05 November 2008

Global Love Letters to President Obama

Or: How To Win Friends and Influence Nations.

It's happening already... the I heart Obama wave. And it's happening all over the world...

And it made me think of something I'd read weeks ago in David Brooks' fantastic piece on Obama's temperament as it relates to the Presidency:
"Some candidates are motivated by something they lack. For L.B.J., it was respect. For Bill Clinton, it was adoration. These politicians are motivated to fill that void. Their challenge once in office is self-regulation. How will they control the demons, insecurities and longings that fired their ambitions?

But other candidates are propelled by what some psychologists call self-efficacy, the placid assumption that they can handle whatever the future throws at them. Candidates in this mold...are driven upward by a desire to realize some capacity in their nature. They rise with an unshakable serenity that is inexplicable to their critics and infuriating to their foes.

They say we are products of our environments, but Obama, the sojourner, seems to go through various situations without being overly touched by them. Over the past two years, he has been the subject of nearly unparalleled public worship, but far from getting drunk on it, he has become less grandiloquent as the campaign has gone along.

When Bill Clinton campaigned, he tried to seduce his audiences. But at Obama rallies, the candidate is the wooed not the wooer. He doesn’t seem to need the audience’s love. But they need his. The audiences hunger for his affection, while he is calm, appreciative and didactic."

Well. Here's how the world is trying to woo President Obama. Already!

L'Amour from Le France: Let's start with the French (who have been mad at us ever since that time when some chose to call fried strips of potatoes "Freedom Fries" rather than "French Fries"--how stoopid was that?!):

"Obama-mania" à la française has swept all corners of the populace. "Obama is a model we can grasp" is the way Zachary James Miller, an Obama fan in Paris, explains the astonishing affection shown by the French, presenting Obama not just as a representative for minorities, but as a messenger of "hope for everyone." [1]

"All across the political spectrum, from right to left, the French are marvelling at American's new dawn. It's no surprise that President Nicolas Sarkozy -- derided by the opposition as "Sarko, the American" -- anticipated Obama's success, even as diplomatic advisers allegedly still counted on his opponent winning the Democratic primary: "I never believed Hillary Clinton would win," said Sarkozy before boldly declaring, "Obama is my buddy." [2]

From Rue89: "This time the world says thank you to America."

From Le Monde: "What intelligence, what mastery, what sang-froid..."
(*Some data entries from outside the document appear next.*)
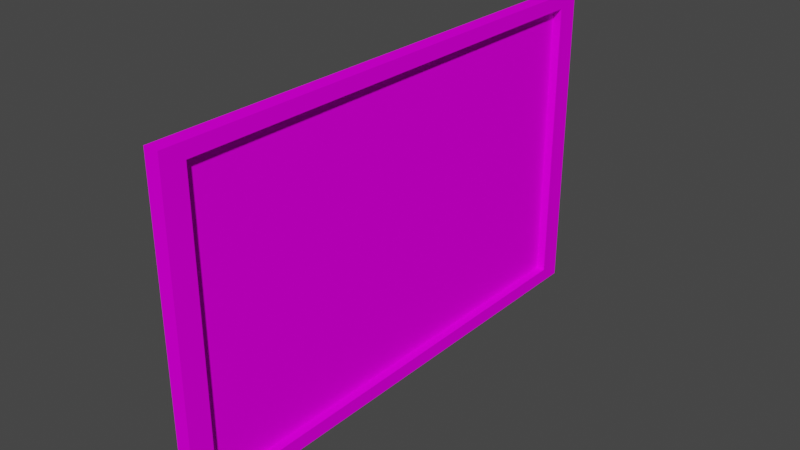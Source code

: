 # Source: Tablo.blend  (saved by Blender 2.93.20; exported with 4.5.12 LTS)
import bpy
from mathutils import Matrix  # noqa: F401  (used for matrix-valued properties, if any)

bpy.ops.wm.read_factory_settings(use_empty=True)
scene = bpy.context.scene
scene.name = 'Scene'

# ---- collections
col_collection = bpy.data.collections.new('Collection'); scene.collection.children.link(col_collection)

# ---- images (referenced by path relative to the original .blend; pixels are not part of the script)
import os
ASSET_DIR = os.environ.get("B2B_ASSET_DIR", "")  # directory of the original .blend (textures are referenced by path, not embedded)
HERE = os.path.dirname(os.path.abspath(__file__))  # packed textures are extracted next to this script under _unpacked/

def load_image(name, relpath, width, height, colorspace="sRGB"):
    """Load a texture the original file referenced (path relative to the .blend, or extracted next to this script)."""
    p = next((c for c in (os.path.join(HERE, relpath), os.path.join(ASSET_DIR, relpath)) if relpath and os.path.exists(c)), "")
    if p:
        img = bpy.data.images.load(p, check_existing=True)
        img.name = name
    else:  # same state as the original file: an image datablock whose file is absent (Cycles renders it pink)
        img = bpy.data.images.new(name, width, height)
        img.source = "FILE"
        img.filepath = "//" + (relpath or name)
    img.colorspace_settings.name = colorspace
    return img
img_tablo_albedo = load_image('Tablo_Albedo', 'Tablo_Albedo.png', 1024, 1024, 'sRGB')

# ---- materials (node trees are filled in below, after node groups)
mat_tablo = bpy.data.materials.new('Tablo')
mat_tablo.use_transparent_shadow = False

# ---- material node trees
mat_tablo.use_nodes = True; mat_tablo.node_tree.nodes.clear()
_N = mat_tablo.node_tree.nodes; _L = mat_tablo.node_tree.links
n0 = _N.new('ShaderNodeOutputMaterial'); n0.name = 'Material Output'; n0.location = (300, 300)
n1 = _N.new('ShaderNodeBsdfPrincipled'); n1.name = 'Principled BSDF'; n1.location = (10, 300)
n1.distribution = 'GGX'
n1.subsurface_method = 'BURLEY'
n1.inputs[2].default_value = 1.0
n1.inputs[3].default_value = 1.45
n1.inputs[13].default_value = 0.0
n1.inputs[27].default_value = (0.0, 0.0, 0.0, 1.0)
n1.inputs[28].default_value = 1.0
n2 = _N.new('ShaderNodeTexImage'); n2.name = 'Image Texture'; n2.location = (-584, 198)
n2.image = img_tablo_albedo
_L.new(n1.outputs[0], n0.inputs[0])
_L.new(n2.outputs[0], n1.inputs[0])
n0.is_active_output = True

# ---- world
world_world = bpy.data.worlds.new('World'); scene.world = world_world
world_world.use_nodes = True; world_world.node_tree.nodes.clear()
_N = world_world.node_tree.nodes; _L = world_world.node_tree.links
n0 = _N.new('ShaderNodeOutputWorld'); n0.name = 'World Output'; n0.location = (300, 300)
n1 = _N.new('ShaderNodeBackground'); n1.name = 'Background'; n1.location = (10, 300)
n1.inputs[0].default_value = (0.05088, 0.05088, 0.05088, 1.0)
_L.new(n1.outputs[0], n0.inputs[0])
n0.is_active_output = True
world_world.color = (0.05088, 0.05088, 0.05088)
world_world.use_sun_shadow = False
world_world.sun_shadow_jitter_overblur = 0.0

# ---- meshes
me_cube_001 = bpy.data.meshes.new('Cube.001')
me_cube_001.from_pydata([(-1.0, -1.0, -1.0), (-1.0, -1.0, 1.0), (-1.0, 1.0, -1.0), (-1.0, 1.0, 1.0), (1.0, -0.9113, -0.9113), (1.0, -0.9113, 0.9113), (1.0, 0.9113, -0.9113), (1.0, 0.9113, 0.9113), (1.0, 1.0, 1.0), (1.0, 1.0, -1.0), (1.0, -1.0, -1.0), (1.0, -1.0, 1.0), (-0.1835, 0.9113, 0.9113), (-0.1835, 0.9113, -0.9113), (-0.1835, -0.9113, -0.9113), (-0.1835, -0.9113, 0.9113)], [], [(0, 1, 3, 2), (2, 3, 8, 9), (7, 5, 15, 12), (10, 11, 1, 0), (2, 9, 10, 0), (8, 3, 1, 11), (7, 6, 9, 8), (6, 4, 10, 9), (5, 7, 8, 11), (4, 5, 11, 10), (13, 12, 15, 14), (6, 7, 12, 13), (5, 4, 14, 15), (4, 6, 13, 14)])
_uv = me_cube_001.uv_layers.new(name='UVMap')
_uv.uv.foreach_set('vector', [0.2786, 0.005381, 0.2786, 0.2786, 0.005381, 0.2786, 0.005381, 0.005381, 0.2786, 0.2893, 0.2786, 0.5625, 0.005381, 0.5625, 0.005381, 0.2893, 0.9946, 0.2893, 0.9946, 0.5383, 0.833, 0.5383, 0.833, 0.2893, 0.5625, 0.2893, 0.5625, 0.5625, 0.2893, 0.5625, 0.2893, 0.2893, 0.005381, 0.5733, 0.2786, 0.5733, 0.2786, 0.8464, 0.005381, 0.8464, 0.5733, 0.005381, 0.8464, 0.005381, 0.8464, 0.2786, 0.5733, 0.2786, 0.5504, 0.2664, 0.5504, 0.0175, 0.5625, 0.005381, 0.5625, 0.2786, 0.5504, 0.0175, 0.3014, 0.0175, 0.2893, 0.005381, 0.5625, 0.005381, 0.3014, 0.2664, 0.5504, 0.2664, 0.5625, 0.2786, 0.2893, 0.2786, 0.3014, 0.0175, 0.3014, 0.2664, 0.2893, 0.2786, 0.2893, 0.005381, 0.8222, 0.2893, 0.8222, 0.5383, 0.5733, 0.5383, 0.5733, 0.2893, 0.7349, 0.549, 0.7349, 0.798, 0.5733, 0.798, 0.5733, 0.549, 0.2893, 0.8222, 0.2893, 0.5733, 0.451, 0.5733, 0.451, 0.8222, 0.7457, 0.798, 0.7457, 0.549, 0.9073, 0.549, 0.9073, 0.798])
me_cube_001.materials.append(mat_tablo)
me_cube_001.use_remesh_fix_poles = True
me_cube_001.use_remesh_preserve_attributes = False
me_cube_001.update()

# ---- objects
ob_cube = bpy.data.objects.new('Cube', me_cube_001)

# ---- transforms, parenting, visibility, modifiers, constraints
ob_cube.location = (0.0, 0.0, 0.0)
ob_cube.scale = (0.04628, 1.626, 1.0)

# ---- collection membership
col_collection.objects.link(ob_cube)

# ---- scene / render settings (as saved in the file)
scene.frame_start = 1; scene.frame_end = 250; scene.frame_set(1)
scene.render.engine = 'BLENDER_EEVEE_NEXT'
scene.cycles.use_denoising = False
scene.cycles.samples = 128
scene.cycles.sampling_pattern = 'TABULATED_SOBOL'
scene.cycles.use_adaptive_sampling = False
scene.cycles.use_light_tree = False
scene.view_settings.view_transform = 'Filmic'
bpy.context.view_layer.update()

# ---- added for rendering (the .blend has no active camera and no usable light): camera, sun
cam_auto = bpy.data.cameras.new('AutoCamera')
cam_auto.lens = 50.0
cam_auto.sensor_width = 36.0
cam_auto.clip_end = 1000.0
ob_auto_camera = bpy.data.objects.new('AutoCamera', cam_auto)
scene.collection.objects.link(ob_auto_camera)
ob_auto_camera.location = (3.53283, -4.2394, 2.82626)
ob_auto_camera.rotation_euler = (1.09748, -7.21219e-08, 0.694738)
scene.camera = ob_auto_camera
light_auto_sun = bpy.data.lights.new('AutoSun', 'SUN')
light_auto_sun.energy = 3.0
light_auto_sun.angle = 0.0523599
ob_auto_sun = bpy.data.objects.new('AutoSun', light_auto_sun)
scene.collection.objects.link(ob_auto_sun)
ob_auto_sun.rotation_euler = (0.872665, 0.174533, 0.523599)
bpy.context.view_layer.update()

From Jack Lang, a long-serving culture minister under the late President Mitterrand: "The America that we love is back. This election will have the effect of an electric shock and will bring about a spiritual revolution."

From our British Relatives Across the Pond:
"Today is for celebration, for happiness and for reflected human glory. Savour those words: President Barack Obama, America's hope and, in no small way, ours too." [3]

From Al-Jazeera:
“Now we have an American administration that wants to save itself and learn from the mistakes of its predecessors in order to save its country and people.”

From the Daily Nation in Kenya:
“Shortly after CNN declared Obama the winner just before 7am (Kenya time) on Wednesday, President Kibaki announced that Kenyans will on Thursday take a day off to mark the historic election of Obama to the most powerful office on earth.”

From El Universal in Venezuela:
“On this day of hope, president Hugo Chávez, on behalf of the Venezuelan people, congratulates the people of the United States and president-elect Barack Obama for the important victory he has attained… In Simon Bolivar’s homeland, we are convinced that time has come to establish new relations between our countries, and with our region, based on the principles of sovereignty, equality, and true cooperation.”

From Obama, Japan:
A sleepy fishing village named Obama (which means "little beach" in Japanese) celebrates Obama's victory:
See what I mean now about having as our President the world's most "money" Front-Man? And how lucky we are to have him?